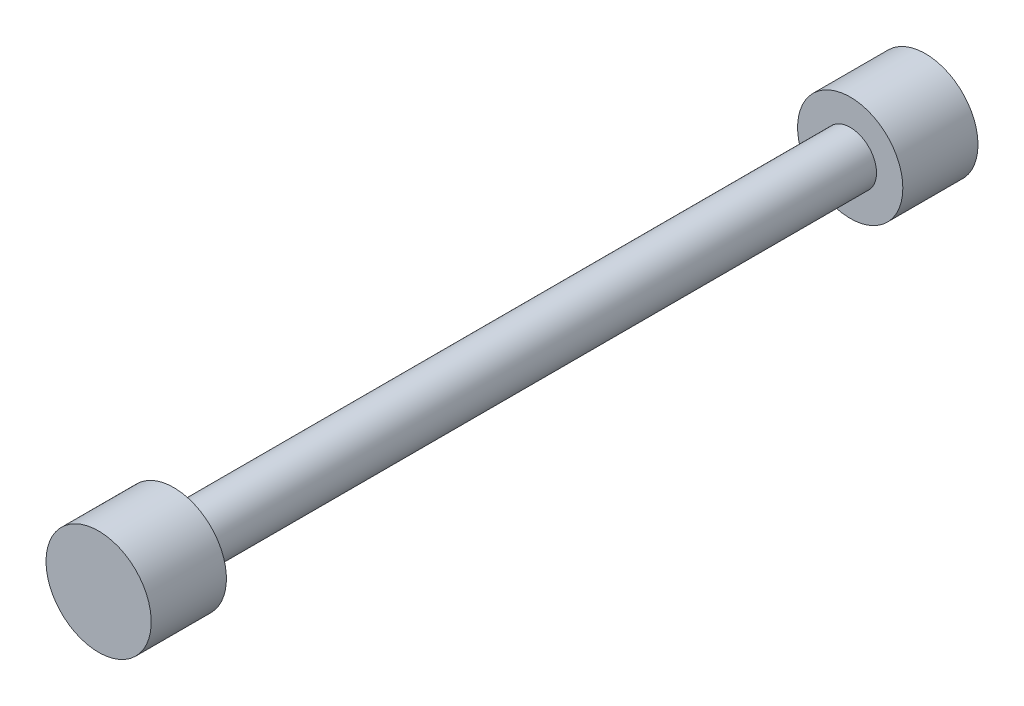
ISO-10303-21;
HEADER;
FILE_DESCRIPTION(('STEP AP214'),'2;1');
FILE_NAME('part.step','',(''),(''),'','','');
FILE_SCHEMA(('AUTOMOTIVE_DESIGN { 1 0 10303 214 1 1 1 1 }'));
ENDSEC;
DATA;
#1=APPLICATION_CONTEXT('core data for automotive mechanical design processes');
#2=APPLICATION_PROTOCOL_DEFINITION('international standard','automotive_design',2000,#1);
#3=PRODUCT_CONTEXT('',#1,'mechanical');
#4=PRODUCT('Part','Part','',(#3));
#5=PRODUCT_RELATED_PRODUCT_CATEGORY('part','',(#4));
#6=PRODUCT_DEFINITION_FORMATION('','',#4);
#7=PRODUCT_DEFINITION_CONTEXT('part definition',#1,'design');
#8=PRODUCT_DEFINITION('design','',#6,#7);
#9=PRODUCT_DEFINITION_SHAPE('','',#8);
#10=(LENGTH_UNIT() NAMED_UNIT(*) SI_UNIT(.MILLI.,.METRE.));
#11=(NAMED_UNIT(*) PLANE_ANGLE_UNIT() SI_UNIT($,.RADIAN.));
#12=(NAMED_UNIT(*) SI_UNIT($,.STERADIAN.) SOLID_ANGLE_UNIT());
#13=UNCERTAINTY_MEASURE_WITH_UNIT(LENGTH_MEASURE(1.E-05),#10,'distance_accuracy_value','');
#14=(GEOMETRIC_REPRESENTATION_CONTEXT(3) GLOBAL_UNCERTAINTY_ASSIGNED_CONTEXT((#13)) GLOBAL_UNIT_ASSIGNED_CONTEXT((#10,
#11,#12)) REPRESENTATION_CONTEXT('',''));
#15=CARTESIAN_POINT('',(0.,0.,0.));
#16=DIRECTION('',(0.,0.,1.));
#17=DIRECTION('',(1.,0.,0.));
#18=AXIS2_PLACEMENT_3D('',#15,#16,#17);
#19=CARTESIAN_POINT('',(0.,0.,100.));
#20=DIRECTION('',(0.,0.,-1.));
#21=DIRECTION('',(-1.,0.,0.));
#22=AXIS2_PLACEMENT_3D('',#19,#20,#21);
#23=CYLINDRICAL_SURFACE('',#22,3.5);
#24=CARTESIAN_POINT('',(0.,0.,5.));
#25=DIRECTION('',(0.,0.,-1.));
#26=DIRECTION('',(-1.,0.,0.));
#27=AXIS2_PLACEMENT_3D('',#24,#25,#26);
#28=CIRCLE('',#27,3.5);
#29=CARTESIAN_POINT('',(-3.49999999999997,0.,5.));
#30=VERTEX_POINT('',#29);
#31=EDGE_CURVE('E36',#30,#30,#28,.T.);
#32=CARTESIAN_POINT('',(0.,0.,95.));
#33=DIRECTION('',(0.,0.,1.));
#34=DIRECTION('',(1.,0.,0.));
#35=AXIS2_PLACEMENT_3D('',#32,#33,#34);
#36=CIRCLE('',#35,3.5);
#37=CARTESIAN_POINT('',(-3.49999999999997,0.,95.));
#38=VERTEX_POINT('',#37);
#39=EDGE_CURVE('E10',#38,#38,#36,.T.);
#40=CARTESIAN_POINT('',(-3.49999999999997,0.,5.));
#41=CARTESIAN_POINT('',(-3.49999999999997,0.,5.9375));
#42=CARTESIAN_POINT('',(-3.49999999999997,0.,6.875));
#43=CARTESIAN_POINT('',(-3.49999999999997,0.,8.75));
#44=CARTESIAN_POINT('',(-3.49999999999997,0.,9.68750000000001));
#45=CARTESIAN_POINT('',(-3.49999999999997,0.,11.5625));
#46=CARTESIAN_POINT('',(-3.49999999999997,0.,12.5));
#47=CARTESIAN_POINT('',(-3.49999999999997,0.,14.375));
#48=CARTESIAN_POINT('',(-3.49999999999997,0.,15.3125));
#49=CARTESIAN_POINT('',(-3.49999999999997,0.,17.1875));
#50=CARTESIAN_POINT('',(-3.49999999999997,0.,18.125));
#51=CARTESIAN_POINT('',(-3.49999999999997,0.,20.));
#52=CARTESIAN_POINT('',(-3.49999999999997,0.,20.9375));
#53=CARTESIAN_POINT('',(-3.49999999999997,0.,22.8125));
#54=CARTESIAN_POINT('',(-3.49999999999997,0.,23.75));
#55=CARTESIAN_POINT('',(-3.49999999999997,0.,25.625));
#56=CARTESIAN_POINT('',(-3.49999999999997,0.,26.5625));
#57=CARTESIAN_POINT('',(-3.49999999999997,0.,28.4375));
#58=CARTESIAN_POINT('',(-3.49999999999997,0.,29.375));
#59=CARTESIAN_POINT('',(-3.49999999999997,0.,31.25));
#60=CARTESIAN_POINT('',(-3.49999999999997,0.,32.1875));
#61=CARTESIAN_POINT('',(-3.49999999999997,0.,34.0625));
#62=CARTESIAN_POINT('',(-3.49999999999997,0.,35.));
#63=CARTESIAN_POINT('',(-3.49999999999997,0.,36.875));
#64=CARTESIAN_POINT('',(-3.49999999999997,0.,37.8125));
#65=CARTESIAN_POINT('',(-3.49999999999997,0.,39.6875));
#66=CARTESIAN_POINT('',(-3.49999999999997,0.,40.625));
#67=CARTESIAN_POINT('',(-3.49999999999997,0.,42.5));
#68=CARTESIAN_POINT('',(-3.49999999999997,0.,43.4375));
#69=CARTESIAN_POINT('',(-3.49999999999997,0.,45.3125));
#70=CARTESIAN_POINT('',(-3.49999999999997,0.,46.25));
#71=CARTESIAN_POINT('',(-3.49999999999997,0.,48.125));
#72=CARTESIAN_POINT('',(-3.49999999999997,0.,49.0625));
#73=CARTESIAN_POINT('',(-3.49999999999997,0.,50.9375));
#74=CARTESIAN_POINT('',(-3.49999999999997,0.,51.875));
#75=CARTESIAN_POINT('',(-3.49999999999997,0.,53.75));
#76=CARTESIAN_POINT('',(-3.49999999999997,0.,54.6875));
#77=CARTESIAN_POINT('',(-3.49999999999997,0.,56.5625));
#78=CARTESIAN_POINT('',(-3.49999999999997,0.,57.5));
#79=CARTESIAN_POINT('',(-3.49999999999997,0.,59.375));
#80=CARTESIAN_POINT('',(-3.49999999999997,0.,60.3125));
#81=CARTESIAN_POINT('',(-3.49999999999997,0.,62.1875));
#82=CARTESIAN_POINT('',(-3.49999999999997,0.,63.125));
#83=CARTESIAN_POINT('',(-3.49999999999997,0.,65.));
#84=CARTESIAN_POINT('',(-3.49999999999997,0.,65.9375));
#85=CARTESIAN_POINT('',(-3.49999999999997,0.,67.8125));
#86=CARTESIAN_POINT('',(-3.49999999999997,0.,68.75));
#87=CARTESIAN_POINT('',(-3.49999999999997,0.,70.625));
#88=CARTESIAN_POINT('',(-3.49999999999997,0.,71.5625));
#89=CARTESIAN_POINT('',(-3.49999999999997,0.,73.4375));
#90=CARTESIAN_POINT('',(-3.49999999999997,0.,74.375));
#91=CARTESIAN_POINT('',(-3.49999999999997,0.,76.25));
#92=CARTESIAN_POINT('',(-3.49999999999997,0.,77.1875));
#93=CARTESIAN_POINT('',(-3.49999999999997,0.,79.0625));
#94=CARTESIAN_POINT('',(-3.49999999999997,0.,80.));
#95=CARTESIAN_POINT('',(-3.49999999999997,0.,81.875));
#96=CARTESIAN_POINT('',(-3.49999999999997,0.,82.8125));
#97=CARTESIAN_POINT('',(-3.49999999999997,0.,84.6875));
#98=CARTESIAN_POINT('',(-3.49999999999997,0.,85.625));
#99=CARTESIAN_POINT('',(-3.49999999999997,0.,87.5));
#100=CARTESIAN_POINT('',(-3.49999999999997,0.,88.4375));
#101=CARTESIAN_POINT('',(-3.49999999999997,0.,90.3125));
#102=CARTESIAN_POINT('',(-3.49999999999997,0.,91.25));
#103=CARTESIAN_POINT('',(-3.49999999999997,0.,93.125));
#104=CARTESIAN_POINT('',(-3.49999999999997,0.,94.0625));
#105=CARTESIAN_POINT('',(-3.49999999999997,0.,95.));
#106=B_SPLINE_CURVE_WITH_KNOTS('',3,(#40,#41,#42,#43,#44,#45,#46,#47,#48,#49,#50,#51,#52,#53,
#54,#55,#56,#57,#58,#59,#60,#61,#62,#63,#64,#65,#66,#67,#68,#69,#70,#71,#72,#73,#74,#75,#76,#77,
#78,#79,#80,#81,#82,#83,#84,#85,#86,#87,#88,#89,#90,#91,#92,#93,#94,#95,#96,#97,#98,#99,#100,
#101,#102,#103,#104,#105),.UNSPECIFIED.,.F.,.F.,(4,2,2,2,2,2,2,2,2,2,2,2,2,2,2,2,2,2,2,2,2,2,2,
2,2,2,2,2,2,2,2,2,4),(0.,2.8125,5.62500000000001,8.4375,11.25,14.0625,16.875,19.6875,22.5,
25.3125,28.125,30.9375,33.75,36.5625,39.375,42.1875,45.,47.8125,50.625,53.4375,56.25,59.0625,
61.875,64.6875,67.5,70.3125,73.125,75.9375,78.75,81.5625,84.375,87.1875,90.),.UNSPECIFIED.);
#107=EDGE_CURVE('BSEAM30',#30,#38,#106,.T.);
#108=ORIENTED_EDGE('',*,*,#31,.F.);
#109=ORIENTED_EDGE('',*,*,#39,.F.);
#110=ORIENTED_EDGE('',*,*,#107,.T.);
#111=ORIENTED_EDGE('',*,*,#107,.F.);
#112=EDGE_LOOP('',(#108,#110,#109,#111));
#113=FACE_BOUND('',#112,.T.);
#114=ADVANCED_FACE('F30',(#113),#23,.T.);
#115=CARTESIAN_POINT('',(0.,0.,5.));
#116=DIRECTION('',(0.,0.,-1.));
#117=DIRECTION('',(-1.,0.,0.));
#118=AXIS2_PLACEMENT_3D('',#115,#116,#117);
#119=PLANE('',#118);
#120=CARTESIAN_POINT('',(0.,0.,5.));
#121=DIRECTION('',(0.,0.,1.));
#122=DIRECTION('',(1.,0.,0.));
#123=AXIS2_PLACEMENT_3D('',#120,#121,#122);
#124=CIRCLE('',#123,7.);
#125=CARTESIAN_POINT('',(7.,0.,5.));
#126=VERTEX_POINT('',#125);
#127=EDGE_CURVE('E40',#126,#126,#124,.T.);
#128=ORIENTED_EDGE('',*,*,#127,.T.);
#129=EDGE_LOOP('',(#128));
#130=FACE_BOUND('',#129,.T.);
#131=ORIENTED_EDGE('',*,*,#31,.T.);
#132=EDGE_LOOP('',(#131));
#133=FACE_BOUND('',#132,.T.);
#134=ADVANCED_FACE('F71',(#130,#133),#119,.F.);
#135=CARTESIAN_POINT('',(0.,0.,10.));
#136=DIRECTION('',(0.,0.,1.));
#137=DIRECTION('',(1.,0.,0.));
#138=AXIS2_PLACEMENT_3D('',#135,#136,#137);
#139=CYLINDRICAL_SURFACE('',#138,7.);
#140=ORIENTED_EDGE('',*,*,#127,.F.);
#141=EDGE_LOOP('',(#140));
#142=FACE_BOUND('',#141,.T.);
#143=CARTESIAN_POINT('',(0.,0.,-5.));
#144=DIRECTION('',(0.,0.,1.));
#145=DIRECTION('',(1.,0.,0.));
#146=AXIS2_PLACEMENT_3D('',#143,#144,#145);
#147=CIRCLE('',#146,7.);
#148=CARTESIAN_POINT('',(7.00000000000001,0.,-5.));
#149=VERTEX_POINT('',#148);
#150=EDGE_CURVE('E44',#149,#149,#147,.T.);
#151=ORIENTED_EDGE('',*,*,#150,.T.);
#152=EDGE_LOOP('',(#151));
#153=FACE_BOUND('',#152,.T.);
#154=ADVANCED_FACE('F76',(#142,#153),#139,.T.);
#155=CARTESIAN_POINT('',(0.,0.,-5.));
#156=DIRECTION('',(0.,0.,1.));
#157=DIRECTION('',(1.,0.,0.));
#158=AXIS2_PLACEMENT_3D('',#155,#156,#157);
#159=PLANE('',#158);
#160=ORIENTED_EDGE('',*,*,#150,.F.);
#161=EDGE_LOOP('',(#160));
#162=FACE_BOUND('',#161,.T.);
#163=ADVANCED_FACE('F83',(#162),#159,.F.);
#164=CARTESIAN_POINT('',(0.,0.,95.));
#165=DIRECTION('',(0.,0.,1.));
#166=DIRECTION('',(1.,0.,0.));
#167=AXIS2_PLACEMENT_3D('',#164,#165,#166);
#168=PLANE('',#167);
#169=CARTESIAN_POINT('',(0.,0.,95.));
#170=DIRECTION('',(0.,0.,-1.));
#171=DIRECTION('',(-1.,0.,0.));
#172=AXIS2_PLACEMENT_3D('',#169,#170,#171);
#173=CIRCLE('',#172,7.);
#174=CARTESIAN_POINT('',(-6.99999999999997,0.,95.));
#175=VERTEX_POINT('',#174);
#176=EDGE_CURVE('E52',#175,#175,#173,.T.);
#177=ORIENTED_EDGE('',*,*,#176,.T.);
#178=EDGE_LOOP('',(#177));
#179=FACE_BOUND('',#178,.T.);
#180=ORIENTED_EDGE('',*,*,#39,.T.);
#181=EDGE_LOOP('',(#180));
#182=FACE_BOUND('',#181,.T.);
#183=ADVANCED_FACE('F56',(#179,#182),#168,.F.);
#184=CARTESIAN_POINT('',(0.,0.,90.));
#185=DIRECTION('',(0.,0.,-1.));
#186=DIRECTION('',(-1.,0.,0.));
#187=AXIS2_PLACEMENT_3D('',#184,#185,#186);
#188=CYLINDRICAL_SURFACE('',#187,7.);
#189=ORIENTED_EDGE('',*,*,#176,.F.);
#190=EDGE_LOOP('',(#189));
#191=FACE_BOUND('',#190,.T.);
#192=CARTESIAN_POINT('',(0.,0.,105.));
#193=DIRECTION('',(0.,0.,-1.));
#194=DIRECTION('',(-1.,0.,0.));
#195=AXIS2_PLACEMENT_3D('',#192,#193,#194);
#196=CIRCLE('',#195,7.);
#197=CARTESIAN_POINT('',(-7.,0.,105.));
#198=VERTEX_POINT('',#197);
#199=EDGE_CURVE('E49',#198,#198,#196,.T.);
#200=ORIENTED_EDGE('',*,*,#199,.T.);
#201=EDGE_LOOP('',(#200));
#202=FACE_BOUND('',#201,.T.);
#203=ADVANCED_FACE('F58',(#191,#202),#188,.T.);
#204=CARTESIAN_POINT('',(7.00000000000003,0.,105.));
#205=DIRECTION('',(0.,0.,-1.));
#206=DIRECTION('',(-1.,0.,0.));
#207=AXIS2_PLACEMENT_3D('',#204,#205,#206);
#208=PLANE('',#207);
#209=ORIENTED_EDGE('',*,*,#199,.F.);
#210=EDGE_LOOP('',(#209));
#211=FACE_BOUND('',#210,.T.);
#212=ADVANCED_FACE('F61',(#211),#208,.F.);
#213=CLOSED_SHELL('',(#114,#134,#154,#163,#183,#203,#212));
#214=MANIFOLD_SOLID_BREP('B2',#213);
#215=ADVANCED_BREP_SHAPE_REPRESENTATION('',(#18,#214),#14);
#216=SHAPE_DEFINITION_REPRESENTATION(#9,#215);
ENDSEC;
END-ISO-10303-21;

**WHAT YOU SHOULD DO:**
Transcribe the records above exactly, beginning at the line that contains "#140=ORIENTED_EDGE('',*,*,#127,.F.);" and ending with the line that contains "#187=AXIS2_PLACEMENT_3D('',#184,#185,#186);", both included, and nothing else.

**WRITTEN SOLUTION:**
#140=ORIENTED_EDGE('',*,*,#127,.F.);
#141=EDGE_LOOP('',(#140));
#142=FACE_BOUND('',#141,.T.);
#143=CARTESIAN_POINT('',(0.,0.,-5.));
#144=DIRECTION('',(0.,0.,1.));
#145=DIRECTION('',(1.,0.,0.));
#146=AXIS2_PLACEMENT_3D('',#143,#144,#145);
#147=CIRCLE('',#146,7.);
#148=CARTESIAN_POINT('',(7.00000000000001,0.,-5.));
#149=VERTEX_POINT('',#148);
#150=EDGE_CURVE('E44',#149,#149,#147,.T.);
#151=ORIENTED_EDGE('',*,*,#150,.T.);
#152=EDGE_LOOP('',(#151));
#153=FACE_BOUND('',#152,.T.);
#154=ADVANCED_FACE('F76',(#142,#153),#139,.T.);
#155=CARTESIAN_POINT('',(0.,0.,-5.));
#156=DIRECTION('',(0.,0.,1.));
#157=DIRECTION('',(1.,0.,0.));
#158=AXIS2_PLACEMENT_3D('',#155,#156,#157);
#159=PLANE('',#158);
#160=ORIENTED_EDGE('',*,*,#150,.F.);
#161=EDGE_LOOP('',(#160));
#162=FACE_BOUND('',#161,.T.);
#163=ADVANCED_FACE('F83',(#162),#159,.F.);
#164=CARTESIAN_POINT('',(0.,0.,95.));
#165=DIRECTION('',(0.,0.,1.));
#166=DIRECTION('',(1.,0.,0.));
#167=AXIS2_PLACEMENT_3D('',#164,#165,#166);
#168=PLANE('',#167);
#169=CARTESIAN_POINT('',(0.,0.,95.));
#170=DIRECTION('',(0.,0.,-1.));
#171=DIRECTION('',(-1.,0.,0.));
#172=AXIS2_PLACEMENT_3D('',#169,#170,#171);
#173=CIRCLE('',#172,7.);
#174=CARTESIAN_POINT('',(-6.99999999999997,0.,95.));
#175=VERTEX_POINT('',#174);
#176=EDGE_CURVE('E52',#175,#175,#173,.T.);
#177=ORIENTED_EDGE('',*,*,#176,.T.);
#178=EDGE_LOOP('',(#177));
#179=FACE_BOUND('',#178,.T.);
#180=ORIENTED_EDGE('',*,*,#39,.T.);
#181=EDGE_LOOP('',(#180));
#182=FACE_BOUND('',#181,.T.);
#183=ADVANCED_FACE('F56',(#179,#182),#168,.F.);
#184=CARTESIAN_POINT('',(0.,0.,90.));
#185=DIRECTION('',(0.,0.,-1.));
#186=DIRECTION('',(-1.,0.,0.));
#187=AXIS2_PLACEMENT_3D('',#184,#185,#186);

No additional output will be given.